Die in Neue Mühle/Königs Wusterhausen lebende Buchautorin Heike Schneider hat acht Jahre als TV-und-Radiokorrespondentin in Ost- und West-Afrika gearbeitet und dort einen namibischen Waisenjungen adoptiert, der ebenfalls im märkischen Königs Wusterhausen lebt und inzwischen bei Air Berlin arbeitet, und kennt ihr Thema aus persönlichem wie professionellem Erleben. Sie legte ihr politisches Sachbuch zum 45. Jubiläum des von der UNO proklamierten "Internationalen Tages zur Beseitigung des Rassismus" und 20 Jahre nach der brutalen Ermordung des angolanischen Gastarbeiters Amadeu (Antonio Kiowa) im brandenburgischen Eberswalde vor. Während die Eberswalder Polizei damals empörenderweise nicht eingegriffen hat, sorgt heute eine Stiftung mit dem Namen des Opfers für antirassistischen Aufklärung in Schulen und anderen öffentlichen Diskussionsforen.
Denn, so kritisiert der kenianische Rechtsprofessor und UNO-Sonderberichterstatter Githu Muigai in einem kürzlich dem UN-Menschenrechtsrat in Genf vorgelegten Dokument: "in Deutschland herrscht noch hartnäckiger Rassismus", gegen den die deutschen Behörden leider nicht effektiv genug vorgingen. Allein im letzten Halbjahr 2010 gab es in Deutschland 387 schwere rechtsextremistische Gewalttaten. Das sind genau 387 zu viel! Und die brutalen, mutmasslichen zehn Morde an Ausländern durch die "Zwickauer Zelle" gewaltbereiter, krimineller Neonazis sowie die skandalösen Pannen mit sogenannten V-Leuten in der Neo-Nazi-Szene und offenkundigen Defizite, bzw.Vertuschungsmanöver der zuständigen bundesdeutschen Behörden bei der notwendigen Aufklärung und Bekämpfung der gefährlichen rerchtsradikalen Terroristen-Machenschaften rechts und links der Elbe sind ein trauriger Höhepunkt für Rassismus im deutschen Alltag.

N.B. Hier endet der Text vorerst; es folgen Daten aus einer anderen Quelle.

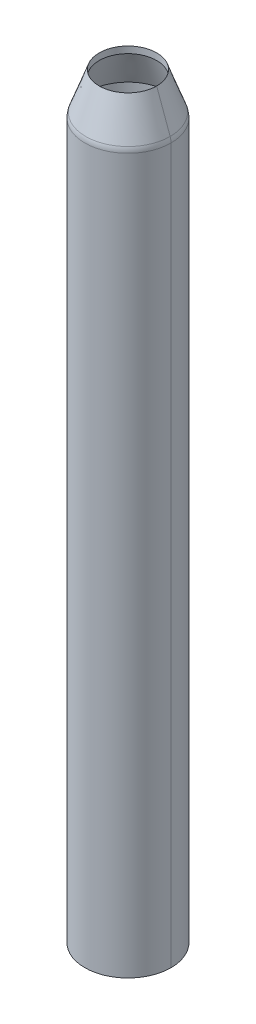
ISO-10303-21;
HEADER;
FILE_DESCRIPTION(('STEP AP214'),'2;1');
FILE_NAME('part.step','',(''),(''),'','','');
FILE_SCHEMA(('AUTOMOTIVE_DESIGN { 1 0 10303 214 1 1 1 1 }'));
ENDSEC;
DATA;
#1=APPLICATION_CONTEXT('core data for automotive mechanical design processes');
#2=APPLICATION_PROTOCOL_DEFINITION('international standard','automotive_design',2000,#1);
#3=PRODUCT_CONTEXT('',#1,'mechanical');
#4=PRODUCT('Part','Part','',(#3));
#5=PRODUCT_RELATED_PRODUCT_CATEGORY('part','',(#4));
#6=PRODUCT_DEFINITION_FORMATION('','',#4);
#7=PRODUCT_DEFINITION_CONTEXT('part definition',#1,'design');
#8=PRODUCT_DEFINITION('design','',#6,#7);
#9=PRODUCT_DEFINITION_SHAPE('','',#8);
#10=(LENGTH_UNIT() NAMED_UNIT(*) SI_UNIT(.MILLI.,.METRE.));
#11=(NAMED_UNIT(*) PLANE_ANGLE_UNIT() SI_UNIT($,.RADIAN.));
#12=(NAMED_UNIT(*) SI_UNIT($,.STERADIAN.) SOLID_ANGLE_UNIT());
#13=UNCERTAINTY_MEASURE_WITH_UNIT(LENGTH_MEASURE(1.E-05),#10,'distance_accuracy_value','');
#14=(GEOMETRIC_REPRESENTATION_CONTEXT(3) GLOBAL_UNCERTAINTY_ASSIGNED_CONTEXT((#13)) GLOBAL_UNIT_ASSIGNED_CONTEXT((#10,
#11,#12)) REPRESENTATION_CONTEXT('',''));
#15=CARTESIAN_POINT('',(0.,0.,0.));
#16=DIRECTION('',(0.,0.,1.));
#17=DIRECTION('',(1.,0.,0.));
#18=AXIS2_PLACEMENT_3D('',#15,#16,#17);
#19=CARTESIAN_POINT('',(0.,3115.53993403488,0.));
#20=DIRECTION('',(0.,1.,0.));
#21=DIRECTION('',(-1.,0.,0.));
#22=AXIS2_PLACEMENT_3D('',#19,#20,#21);
#23=CYLINDRICAL_SURFACE('',#22,57.);
#24=DIRECTION('',(0.,1.,0.));
#25=VECTOR('',#24,1.);
#26=CARTESIAN_POINT('',(40.0000000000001,3115.53993403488,-40.6078810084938));
#27=LINE('',#26,#25);
#28=CARTESIAN_POINT('',(40.0000000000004,850.,-40.6078810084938));
#29=VERTEX_POINT('',#28);
#30=CARTESIAN_POINT('',(40.0000000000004,530.,-40.6078810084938));
#31=VERTEX_POINT('',#30);
#32=EDGE_CURVE('E170',#29,#31,#27,.F.);
#33=ORIENTED_EDGE('',*,*,#32,.F.);
#34=CARTESIAN_POINT('',(-39.9999999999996,850.,-40.607881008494));
#35=CARTESIAN_POINT('',(-40.0000187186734,850.483392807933,-40.6078393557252));
#36=CARTESIAN_POINT('',(-39.9912379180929,850.966768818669,-40.616511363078));
#37=CARTESIAN_POINT('',(-39.9562189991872,851.932219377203,-40.6509737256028));
#38=CARTESIAN_POINT('',(-39.9299830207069,852.414294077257,-40.6767619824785));
#39=CARTESIAN_POINT('',(-39.8602501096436,853.375239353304,-40.7450944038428));
#40=CARTESIAN_POINT('',(-39.8167803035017,853.854113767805,-40.7876122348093));
#41=CARTESIAN_POINT('',(-39.7128568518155,854.808265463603,-40.8888030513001));
#42=CARTESIAN_POINT('',(-39.6524028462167,855.28354266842,-40.9474763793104));
#43=CARTESIAN_POINT('',(-39.4475653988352,856.691955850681,-41.1451803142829));
#44=CARTESIAN_POINT('',(-39.2789000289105,857.61858839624,-41.3067025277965));
#45=CARTESIAN_POINT('',(-38.8796024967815,859.447415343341,-41.6827454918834));
#46=CARTESIAN_POINT('',(-38.6489482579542,860.349600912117,-41.8972851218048));
#47=CARTESIAN_POINT('',(-38.1309075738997,862.119350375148,-42.369278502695));
#48=CARTESIAN_POINT('',(-37.8438853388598,862.987095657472,-42.6264551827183));
#49=CARTESIAN_POINT('',(-37.2155911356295,864.690964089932,-43.1760796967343));
#50=CARTESIAN_POINT('',(-36.8743227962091,865.527089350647,-43.4685251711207));
#51=CARTESIAN_POINT('',(-36.139339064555,867.168555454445,-44.0814901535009));
#52=CARTESIAN_POINT('',(-35.7454693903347,867.97379641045,-44.4020912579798));
#53=CARTESIAN_POINT('',(-34.9084548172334,869.549836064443,-45.0631142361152));
#54=CARTESIAN_POINT('',(-34.4653029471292,870.320629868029,-45.403538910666));
#55=CARTESIAN_POINT('',(-33.4500380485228,871.958566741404,-46.1580072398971));
#56=CARTESIAN_POINT('',(-32.8689226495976,872.819003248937,-46.5745186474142));
#57=CARTESIAN_POINT('',(-31.6437412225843,874.489729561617,-47.4154606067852));
#58=CARTESIAN_POINT('',(-30.9996706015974,875.300015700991,-47.839891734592));
#59=CARTESIAN_POINT('',(-29.6500849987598,876.869009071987,-48.6878615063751));
#60=CARTESIAN_POINT('',(-28.9445410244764,877.627691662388,-49.1113996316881));
#61=CARTESIAN_POINT('',(-27.4738156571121,879.090638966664,-49.949031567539));
#62=CARTESIAN_POINT('',(-26.7086301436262,879.794899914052,-50.363124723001));
#63=CARTESIAN_POINT('',(-24.9864198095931,881.259605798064,-51.2422113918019));
#64=CARTESIAN_POINT('',(-24.018788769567,882.009540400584,-51.7040334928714));
#65=CARTESIAN_POINT('',(-22.0071335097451,883.424506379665,-52.5917692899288));
#66=CARTESIAN_POINT('',(-20.9630951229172,884.089521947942,-53.0176762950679));
#67=CARTESIAN_POINT('',(-19.3446920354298,885.016697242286,-53.6200919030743));
#68=CARTESIAN_POINT('',(-18.7968250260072,885.31388262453,-53.8147230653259));
#69=CARTESIAN_POINT('',(-17.6841574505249,885.883995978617,-54.1905449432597));
#70=CARTESIAN_POINT('',(-17.1193593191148,886.156927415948,-54.3717375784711));
#71=CARTESIAN_POINT('',(-15.9738941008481,886.677381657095,-54.7192179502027));
#72=CARTESIAN_POINT('',(-15.3932315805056,886.924911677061,-54.8855099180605));
#73=CARTESIAN_POINT('',(-14.2170853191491,887.393518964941,-55.2018605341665));
#74=CARTESIAN_POINT('',(-13.6216029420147,887.614598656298,-55.3519206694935));
#75=CARTESIAN_POINT('',(-12.140578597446,888.124394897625,-55.6993746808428));
#76=CARTESIAN_POINT('',(-11.2472931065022,888.39761270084,-55.8869021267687));
#77=CARTESIAN_POINT('',(-9.43677619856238,888.882198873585,-56.2209445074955));
#78=CARTESIAN_POINT('',(-8.51954905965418,889.093578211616,-56.3674667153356));
#79=CARTESIAN_POINT('',(-6.6672418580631,889.451704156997,-56.6164320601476));
#80=CARTESIAN_POINT('',(-5.73217395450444,889.598493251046,-56.7189041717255));
#81=CARTESIAN_POINT('',(-3.85005162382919,889.825564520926,-56.8776668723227));
#82=CARTESIAN_POINT('',(-2.90299679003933,889.905844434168,-56.9339558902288));
#83=CARTESIAN_POINT('',(-1.00204992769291,889.998790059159,-56.9991412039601));
#84=CARTESIAN_POINT('',(-0.048148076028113,890.011321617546,-57.0079434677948));
#85=CARTESIAN_POINT('',(1.8573422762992,889.968218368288,-56.9776995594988));
#86=CARTESIAN_POINT('',(2.80893078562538,889.912583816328,-56.9386535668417));
#87=CARTESIAN_POINT('',(4.70284822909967,889.733967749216,-56.8135911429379));
#88=CARTESIAN_POINT('',(5.64517492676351,889.610970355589,-56.7275636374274));
#89=CARTESIAN_POINT('',(7.51360958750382,889.299398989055,-56.5104440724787));
#90=CARTESIAN_POINT('',(8.4397175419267,889.110824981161,-56.3793519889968));
#91=CARTESIAN_POINT('',(10.2483153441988,888.67579277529,-56.0784529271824));
#92=CARTESIAN_POINT('',(11.1313187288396,888.430787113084,-55.9096201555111));
#93=CARTESIAN_POINT('',(12.8712494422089,887.883541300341,-55.5348804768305));
#94=CARTESIAN_POINT('',(13.7281773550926,887.581302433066,-55.3289744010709));
#95=CARTESIAN_POINT('',(15.4120264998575,886.922714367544,-54.8837676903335));
#96=CARTESIAN_POINT('',(16.2389459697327,886.566361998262,-54.6444650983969));
#97=CARTESIAN_POINT('',(17.8595627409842,885.802773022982,-54.1364693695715));
#98=CARTESIAN_POINT('',(18.6532580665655,885.395533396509,-53.8677744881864));
#99=CARTESIAN_POINT('',(20.291959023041,884.484935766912,-53.2736209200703));
#100=CARTESIAN_POINT('',(21.1327384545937,883.975920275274,-52.9451756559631));
#101=CARTESIAN_POINT('',(22.7675461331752,882.902813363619,-52.2630227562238));
#102=CARTESIAN_POINT('',(23.5615714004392,882.338718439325,-51.9093135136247));
#103=CARTESIAN_POINT('',(25.1016839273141,881.158427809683,-51.1823330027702));
#104=CARTESIAN_POINT('',(25.8477260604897,880.542184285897,-50.8090439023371));
#105=CARTESIAN_POINT('',(27.2896186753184,879.261014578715,-50.0493845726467));
#106=CARTESIAN_POINT('',(27.9854667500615,878.596086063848,-49.6630137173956));
#107=CARTESIAN_POINT('',(29.4459124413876,877.096520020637,-48.813663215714));
#108=CARTESIAN_POINT('',(30.2004737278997,876.252827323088,-48.3493663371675));
#109=CARTESIAN_POINT('',(31.6360612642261,874.50387607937,-47.4224611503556));
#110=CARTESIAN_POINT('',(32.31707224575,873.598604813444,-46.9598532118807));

Unter dem im Leipziger Militzke Verlag soeben erschienenen Buch-Titel "Schlüpf doch mal in meine Haut!" -ein Zitat der in Berlin lebenden und von Heike Schneider interviewten Namibierin Steffi Aukongo - finden sich unzählige Episoden von schöner, weil selbstverständlicher multikultureller Normalität, aber auch wütend oder nachdenklich machende Erlebnisse von Diskriminierung, sozialen Diskrepanzen, Verletzungen und Erschütterungen, die dem bereitwilligen Leser und wachen Zeitgenossen als "Eye-Opener" für aktive Solidarität im reichen Miteinander von Mitbürgern unterschiedlicher Herkunft dienen können.